Es kann aber sein - dass der Gewässerbewirtschafter da sonderregeln hat, die z.b. das Angeln für Jugendliche auf eine Rute reduzieren - das ist dann meiste mit einer "günstigeren" Jugendkarte verbunden. 

Beim Edersee scheint es aber nicht so zu sein. 

Siehe:
https://angeln.naturpark-kellerwald-edersee.de/area/1146

Tagekarte kostet 10€ , egal ob klein oder groß. Demnach haben auch beide die gleichen Rechte. 

In NRW ist es vom Prinzip her genauso.

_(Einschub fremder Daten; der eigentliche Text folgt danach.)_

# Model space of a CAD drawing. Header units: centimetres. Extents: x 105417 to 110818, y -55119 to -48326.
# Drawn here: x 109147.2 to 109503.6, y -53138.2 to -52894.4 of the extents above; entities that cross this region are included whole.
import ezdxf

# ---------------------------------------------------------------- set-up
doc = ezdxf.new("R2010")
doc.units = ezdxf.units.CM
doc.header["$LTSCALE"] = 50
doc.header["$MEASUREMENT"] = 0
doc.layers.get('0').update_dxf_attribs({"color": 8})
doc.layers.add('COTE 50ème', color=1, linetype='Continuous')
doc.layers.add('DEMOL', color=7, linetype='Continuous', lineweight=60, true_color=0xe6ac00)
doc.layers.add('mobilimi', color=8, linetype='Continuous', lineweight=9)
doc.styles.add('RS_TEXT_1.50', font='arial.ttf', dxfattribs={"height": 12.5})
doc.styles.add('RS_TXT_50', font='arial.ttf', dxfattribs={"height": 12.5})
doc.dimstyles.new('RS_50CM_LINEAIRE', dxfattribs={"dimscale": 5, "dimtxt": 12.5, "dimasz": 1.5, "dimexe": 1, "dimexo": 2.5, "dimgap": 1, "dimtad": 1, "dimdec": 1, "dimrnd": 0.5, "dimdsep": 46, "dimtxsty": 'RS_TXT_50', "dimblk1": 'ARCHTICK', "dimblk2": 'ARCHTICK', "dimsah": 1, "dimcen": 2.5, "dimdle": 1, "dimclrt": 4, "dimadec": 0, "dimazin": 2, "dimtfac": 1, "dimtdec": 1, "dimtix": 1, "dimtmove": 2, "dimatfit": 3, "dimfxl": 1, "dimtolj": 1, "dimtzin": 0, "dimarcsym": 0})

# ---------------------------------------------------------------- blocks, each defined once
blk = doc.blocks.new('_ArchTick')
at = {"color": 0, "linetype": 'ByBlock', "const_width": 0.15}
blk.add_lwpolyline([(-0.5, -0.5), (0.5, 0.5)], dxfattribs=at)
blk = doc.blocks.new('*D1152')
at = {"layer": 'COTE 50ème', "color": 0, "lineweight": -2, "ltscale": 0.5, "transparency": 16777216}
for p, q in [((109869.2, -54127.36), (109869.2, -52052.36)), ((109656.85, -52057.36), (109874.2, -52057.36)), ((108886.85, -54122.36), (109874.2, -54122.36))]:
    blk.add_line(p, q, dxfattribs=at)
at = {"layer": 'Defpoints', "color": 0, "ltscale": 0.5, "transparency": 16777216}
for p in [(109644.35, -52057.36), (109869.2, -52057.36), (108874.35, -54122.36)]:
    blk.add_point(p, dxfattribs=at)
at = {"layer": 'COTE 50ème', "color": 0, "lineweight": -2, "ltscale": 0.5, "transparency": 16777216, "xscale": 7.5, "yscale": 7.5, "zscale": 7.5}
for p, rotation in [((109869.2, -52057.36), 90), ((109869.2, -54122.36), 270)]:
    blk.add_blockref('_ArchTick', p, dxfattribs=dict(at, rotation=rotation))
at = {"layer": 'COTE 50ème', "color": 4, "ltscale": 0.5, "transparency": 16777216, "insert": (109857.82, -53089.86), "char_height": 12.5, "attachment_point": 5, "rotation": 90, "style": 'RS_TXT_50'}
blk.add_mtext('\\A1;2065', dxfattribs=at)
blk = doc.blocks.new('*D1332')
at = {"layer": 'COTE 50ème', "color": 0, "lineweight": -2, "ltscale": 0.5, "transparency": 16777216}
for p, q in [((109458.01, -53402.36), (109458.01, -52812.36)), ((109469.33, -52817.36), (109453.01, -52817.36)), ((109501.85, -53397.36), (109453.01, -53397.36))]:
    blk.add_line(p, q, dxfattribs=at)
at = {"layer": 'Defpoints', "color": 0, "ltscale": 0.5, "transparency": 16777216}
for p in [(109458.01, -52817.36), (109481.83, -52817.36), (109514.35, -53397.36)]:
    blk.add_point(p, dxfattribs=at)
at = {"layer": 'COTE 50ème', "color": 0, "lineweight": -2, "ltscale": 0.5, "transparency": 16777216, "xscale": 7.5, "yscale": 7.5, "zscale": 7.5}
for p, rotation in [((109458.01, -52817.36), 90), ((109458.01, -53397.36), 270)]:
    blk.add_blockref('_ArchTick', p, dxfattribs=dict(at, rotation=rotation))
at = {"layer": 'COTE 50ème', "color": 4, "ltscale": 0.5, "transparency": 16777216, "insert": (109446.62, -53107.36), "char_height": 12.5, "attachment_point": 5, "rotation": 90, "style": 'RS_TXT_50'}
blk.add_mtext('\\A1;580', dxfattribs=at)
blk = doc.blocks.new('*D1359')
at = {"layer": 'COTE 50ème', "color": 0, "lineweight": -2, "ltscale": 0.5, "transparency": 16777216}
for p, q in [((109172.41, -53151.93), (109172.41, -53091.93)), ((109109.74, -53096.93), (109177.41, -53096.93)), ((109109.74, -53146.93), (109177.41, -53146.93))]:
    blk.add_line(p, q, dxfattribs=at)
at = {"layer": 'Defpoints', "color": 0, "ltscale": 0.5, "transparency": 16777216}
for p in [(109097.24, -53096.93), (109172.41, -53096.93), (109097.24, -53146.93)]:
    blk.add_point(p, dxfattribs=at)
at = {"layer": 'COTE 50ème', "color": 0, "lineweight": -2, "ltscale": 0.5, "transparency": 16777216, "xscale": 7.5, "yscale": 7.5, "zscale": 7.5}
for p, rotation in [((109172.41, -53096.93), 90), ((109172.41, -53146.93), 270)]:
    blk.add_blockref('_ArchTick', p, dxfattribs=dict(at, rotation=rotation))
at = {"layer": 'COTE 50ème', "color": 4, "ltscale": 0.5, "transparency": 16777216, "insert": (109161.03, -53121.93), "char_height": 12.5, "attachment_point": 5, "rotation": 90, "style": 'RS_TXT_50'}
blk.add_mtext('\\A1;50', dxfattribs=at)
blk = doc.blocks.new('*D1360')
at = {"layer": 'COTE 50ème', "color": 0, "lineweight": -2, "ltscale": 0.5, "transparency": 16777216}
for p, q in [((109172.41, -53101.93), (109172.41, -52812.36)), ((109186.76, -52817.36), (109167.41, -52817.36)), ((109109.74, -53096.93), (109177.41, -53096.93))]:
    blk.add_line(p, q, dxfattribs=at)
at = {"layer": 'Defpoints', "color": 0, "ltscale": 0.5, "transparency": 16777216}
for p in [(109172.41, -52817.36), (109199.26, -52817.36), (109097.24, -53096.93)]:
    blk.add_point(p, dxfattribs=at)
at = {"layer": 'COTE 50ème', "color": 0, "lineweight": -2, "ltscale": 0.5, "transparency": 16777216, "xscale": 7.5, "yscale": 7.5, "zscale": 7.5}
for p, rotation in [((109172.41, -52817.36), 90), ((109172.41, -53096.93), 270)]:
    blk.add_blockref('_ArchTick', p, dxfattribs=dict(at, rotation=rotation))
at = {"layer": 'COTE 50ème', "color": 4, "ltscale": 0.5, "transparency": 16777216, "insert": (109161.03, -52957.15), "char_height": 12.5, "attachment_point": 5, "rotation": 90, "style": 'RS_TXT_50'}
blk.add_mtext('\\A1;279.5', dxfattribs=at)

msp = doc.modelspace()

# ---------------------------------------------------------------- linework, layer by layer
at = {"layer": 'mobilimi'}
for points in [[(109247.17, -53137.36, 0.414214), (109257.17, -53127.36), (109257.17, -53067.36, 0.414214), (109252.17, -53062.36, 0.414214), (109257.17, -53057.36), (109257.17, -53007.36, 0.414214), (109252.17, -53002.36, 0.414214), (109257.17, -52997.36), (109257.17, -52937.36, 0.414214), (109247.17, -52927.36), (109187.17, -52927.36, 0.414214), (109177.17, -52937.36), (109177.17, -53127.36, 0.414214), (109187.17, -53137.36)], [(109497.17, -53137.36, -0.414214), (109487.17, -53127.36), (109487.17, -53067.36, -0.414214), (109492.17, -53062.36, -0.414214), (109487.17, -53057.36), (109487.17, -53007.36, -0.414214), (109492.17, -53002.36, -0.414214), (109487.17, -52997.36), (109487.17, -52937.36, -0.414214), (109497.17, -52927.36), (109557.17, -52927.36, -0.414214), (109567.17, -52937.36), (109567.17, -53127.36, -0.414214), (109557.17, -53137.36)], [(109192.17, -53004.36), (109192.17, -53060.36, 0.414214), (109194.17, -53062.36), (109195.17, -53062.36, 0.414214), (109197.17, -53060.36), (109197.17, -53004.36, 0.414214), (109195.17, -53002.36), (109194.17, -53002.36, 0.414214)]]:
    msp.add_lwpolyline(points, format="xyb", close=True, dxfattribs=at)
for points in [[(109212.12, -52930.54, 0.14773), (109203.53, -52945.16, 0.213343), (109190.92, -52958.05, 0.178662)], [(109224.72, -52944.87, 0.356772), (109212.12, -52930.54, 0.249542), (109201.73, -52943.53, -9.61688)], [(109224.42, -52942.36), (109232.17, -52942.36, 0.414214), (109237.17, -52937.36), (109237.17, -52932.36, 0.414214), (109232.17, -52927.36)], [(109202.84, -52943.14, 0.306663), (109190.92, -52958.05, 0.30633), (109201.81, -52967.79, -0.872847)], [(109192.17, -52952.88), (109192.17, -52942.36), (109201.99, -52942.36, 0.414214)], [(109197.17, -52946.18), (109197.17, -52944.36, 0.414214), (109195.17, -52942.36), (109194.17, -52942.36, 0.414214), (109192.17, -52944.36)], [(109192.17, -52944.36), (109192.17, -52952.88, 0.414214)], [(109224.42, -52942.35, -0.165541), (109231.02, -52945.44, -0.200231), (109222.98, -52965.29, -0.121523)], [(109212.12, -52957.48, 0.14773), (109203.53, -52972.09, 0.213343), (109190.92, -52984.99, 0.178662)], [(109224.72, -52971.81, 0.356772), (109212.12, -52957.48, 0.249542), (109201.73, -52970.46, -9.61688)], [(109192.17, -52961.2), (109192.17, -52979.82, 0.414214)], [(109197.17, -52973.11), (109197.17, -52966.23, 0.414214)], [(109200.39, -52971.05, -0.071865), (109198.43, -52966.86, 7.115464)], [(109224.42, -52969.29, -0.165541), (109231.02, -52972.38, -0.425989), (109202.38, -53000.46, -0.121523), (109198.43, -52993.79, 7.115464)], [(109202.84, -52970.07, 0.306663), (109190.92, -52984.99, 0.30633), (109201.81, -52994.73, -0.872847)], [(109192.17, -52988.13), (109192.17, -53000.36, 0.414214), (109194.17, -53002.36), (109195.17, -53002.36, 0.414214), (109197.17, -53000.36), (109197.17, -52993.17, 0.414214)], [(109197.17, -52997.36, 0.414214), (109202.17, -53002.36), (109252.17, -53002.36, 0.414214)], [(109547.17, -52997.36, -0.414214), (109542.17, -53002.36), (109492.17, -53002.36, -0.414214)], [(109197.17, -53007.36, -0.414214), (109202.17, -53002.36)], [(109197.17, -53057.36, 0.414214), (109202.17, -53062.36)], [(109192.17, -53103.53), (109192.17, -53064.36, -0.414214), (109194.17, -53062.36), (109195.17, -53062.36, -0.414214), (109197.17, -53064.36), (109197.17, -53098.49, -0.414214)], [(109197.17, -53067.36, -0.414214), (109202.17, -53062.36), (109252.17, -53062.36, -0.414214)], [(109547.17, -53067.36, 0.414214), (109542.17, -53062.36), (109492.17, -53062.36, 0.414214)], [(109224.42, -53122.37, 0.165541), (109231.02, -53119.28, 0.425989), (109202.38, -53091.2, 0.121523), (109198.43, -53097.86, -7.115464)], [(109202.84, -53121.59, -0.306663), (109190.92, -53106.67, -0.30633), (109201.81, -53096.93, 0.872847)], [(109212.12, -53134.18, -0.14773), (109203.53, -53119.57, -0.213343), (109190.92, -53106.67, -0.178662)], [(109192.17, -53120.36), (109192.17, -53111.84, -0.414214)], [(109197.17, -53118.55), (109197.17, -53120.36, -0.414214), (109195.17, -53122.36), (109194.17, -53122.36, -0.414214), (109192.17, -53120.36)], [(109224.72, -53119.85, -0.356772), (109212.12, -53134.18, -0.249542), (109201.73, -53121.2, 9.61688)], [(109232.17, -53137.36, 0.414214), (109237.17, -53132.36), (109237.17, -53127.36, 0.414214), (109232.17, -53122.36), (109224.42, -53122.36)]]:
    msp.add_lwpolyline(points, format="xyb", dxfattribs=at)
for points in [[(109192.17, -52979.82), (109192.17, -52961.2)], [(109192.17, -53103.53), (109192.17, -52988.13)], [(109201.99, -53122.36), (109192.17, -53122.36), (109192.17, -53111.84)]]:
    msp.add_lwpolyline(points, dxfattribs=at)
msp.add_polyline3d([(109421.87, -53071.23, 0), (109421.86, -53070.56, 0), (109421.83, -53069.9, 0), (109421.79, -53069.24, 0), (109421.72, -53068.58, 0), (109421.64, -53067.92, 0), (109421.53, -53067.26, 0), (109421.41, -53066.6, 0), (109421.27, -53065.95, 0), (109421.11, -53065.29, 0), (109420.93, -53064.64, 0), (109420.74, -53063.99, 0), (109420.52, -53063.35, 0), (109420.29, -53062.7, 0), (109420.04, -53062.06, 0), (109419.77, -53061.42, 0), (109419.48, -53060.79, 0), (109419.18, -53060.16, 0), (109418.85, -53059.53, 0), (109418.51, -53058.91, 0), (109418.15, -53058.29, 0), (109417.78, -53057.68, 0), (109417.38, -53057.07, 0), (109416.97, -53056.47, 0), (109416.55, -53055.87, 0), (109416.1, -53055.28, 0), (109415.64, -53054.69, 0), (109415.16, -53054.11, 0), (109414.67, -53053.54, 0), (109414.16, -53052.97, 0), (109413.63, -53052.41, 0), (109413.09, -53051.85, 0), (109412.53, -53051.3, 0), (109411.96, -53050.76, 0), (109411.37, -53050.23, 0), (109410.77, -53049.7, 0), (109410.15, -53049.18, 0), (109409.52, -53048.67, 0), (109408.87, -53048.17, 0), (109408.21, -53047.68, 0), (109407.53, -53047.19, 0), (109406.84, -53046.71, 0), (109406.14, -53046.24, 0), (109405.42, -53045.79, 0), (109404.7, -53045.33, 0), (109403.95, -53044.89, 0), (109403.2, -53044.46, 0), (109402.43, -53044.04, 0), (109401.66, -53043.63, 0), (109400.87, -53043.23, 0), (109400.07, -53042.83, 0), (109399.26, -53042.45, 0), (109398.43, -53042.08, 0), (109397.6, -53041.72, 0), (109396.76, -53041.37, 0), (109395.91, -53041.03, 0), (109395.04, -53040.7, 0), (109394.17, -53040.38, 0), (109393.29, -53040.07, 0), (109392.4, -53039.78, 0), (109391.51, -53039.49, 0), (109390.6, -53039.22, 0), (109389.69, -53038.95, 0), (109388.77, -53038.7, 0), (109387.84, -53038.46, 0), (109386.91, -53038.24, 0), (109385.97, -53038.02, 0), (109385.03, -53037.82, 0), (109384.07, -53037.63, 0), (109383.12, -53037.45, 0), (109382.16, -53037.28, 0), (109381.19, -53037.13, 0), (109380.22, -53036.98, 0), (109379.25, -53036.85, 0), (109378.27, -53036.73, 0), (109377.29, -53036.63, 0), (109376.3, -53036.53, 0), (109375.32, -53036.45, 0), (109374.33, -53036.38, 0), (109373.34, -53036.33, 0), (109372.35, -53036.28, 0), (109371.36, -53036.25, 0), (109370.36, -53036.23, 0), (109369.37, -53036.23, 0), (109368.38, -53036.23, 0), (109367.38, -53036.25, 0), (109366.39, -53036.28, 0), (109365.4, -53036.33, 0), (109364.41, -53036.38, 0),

Ab 10 braucht man einen Jugendfischereischein - damit kann man unter Aufsicht ganz normal angeln - solange der Bewirtschafter keine Sonderregeln vorschreibt. 

Sollte am Möhnesee nicht der Fall sein:
siehe:
http://www.moehnesee.de/touristikstart/sportfreizeit/zu-wasser/angeln/

Kannst auch hier nochmal nachlesen:
https://www.anglerboard.de/board/showthread.php?t=288924


----------



## Sharpo (29. September 2017)

*AW: Angeln mit dem 10-jährigen Sohn: Was ist zu beachten?*

@Franz
In NRW muss der Fischereischeininhaber welchen den Jungen mit Jugendfischereischein begleitet nicht volljährig sein.
http://www.brd.nrw.de/umweltschutz/landschafts_naturschutz_fischerei/pdf/A_Jugendfischereischein.pdf


----------



## Franz_16 (29. September 2017)

*AW: Angeln mit dem 10-jährigen Sohn: Was ist zu beachten?*

@Sharpo
Ahhh... interessantes Detail und doch ein kleiner Unterschied zu den Regelungen in den anderen Bundesländern #6  Es lebe der Föderalismus! :q


----------



## Sharpo (29. September 2017)

*AW: Angeln mit dem 10-jährigen Sohn: Was ist zu beachten?*



Franz_16 schrieb:


> @Sharpo
> Ahhh... interessantes Detail und doch ein kleiner Unterschied zu den Regelungen in den anderen Bundesländern #6  Es lebe der Föderalismus! :q




#6

@TE

Zwei Tageskarte kaufen und alles ist gut.
Und Finger weg von den Angelruten Deines Sohnes wenn Du bereits die erlaubte Anzahl von  Angelruten im Wasser hast bzw. fangfertig am Ufer liegen.
KANN Stress geben.


----------



## schirmchen (29. September 2017)

*AW: Angeln mit dem 10-jährigen Sohn: Was ist zu beachten?*

Hallo,
erst mal vielen Dank für die vielen schnellen Antworten.



Sharpo schrieb:


> #6
> 
> @TE
> 
> ...



zum Thema Finger weg: Wenn ich Ruten 1 und 2 im Wasser hab und mein Sohn Rute 3 und 4 und ich meinem Sohn beim Drill helfe bzw. den für ihn übernehme, dann gehört meinem Sohn halt so lange die Rute 1....
Ich muss ja vorher keine Namensaufkleber auf die Ruten machen, wem jetzt welche gehört. 
Zwei Erlaubnisscheine, vier Ruten: da muss es doch erlaubt sein, auch mal untereinander die Ruten zu tauschen, oder?


----------



## Sharpo (29. September 2017)

*AW: Angeln mit dem 10-jährigen Sohn: Was ist zu beachten?*



schirmchen schrieb:


> Hallo,
> erst mal vielen Dank für die vielen schnellen Antworten.
> 
> 
> ...



Ich verstehe Dein Argument und würde es intern auch so handhaben, aber so einfach ist es leider nicht.
Wenn man auf Grund der Platz/ Angelrutenanordnungen definieren kann welche zu wem gehören....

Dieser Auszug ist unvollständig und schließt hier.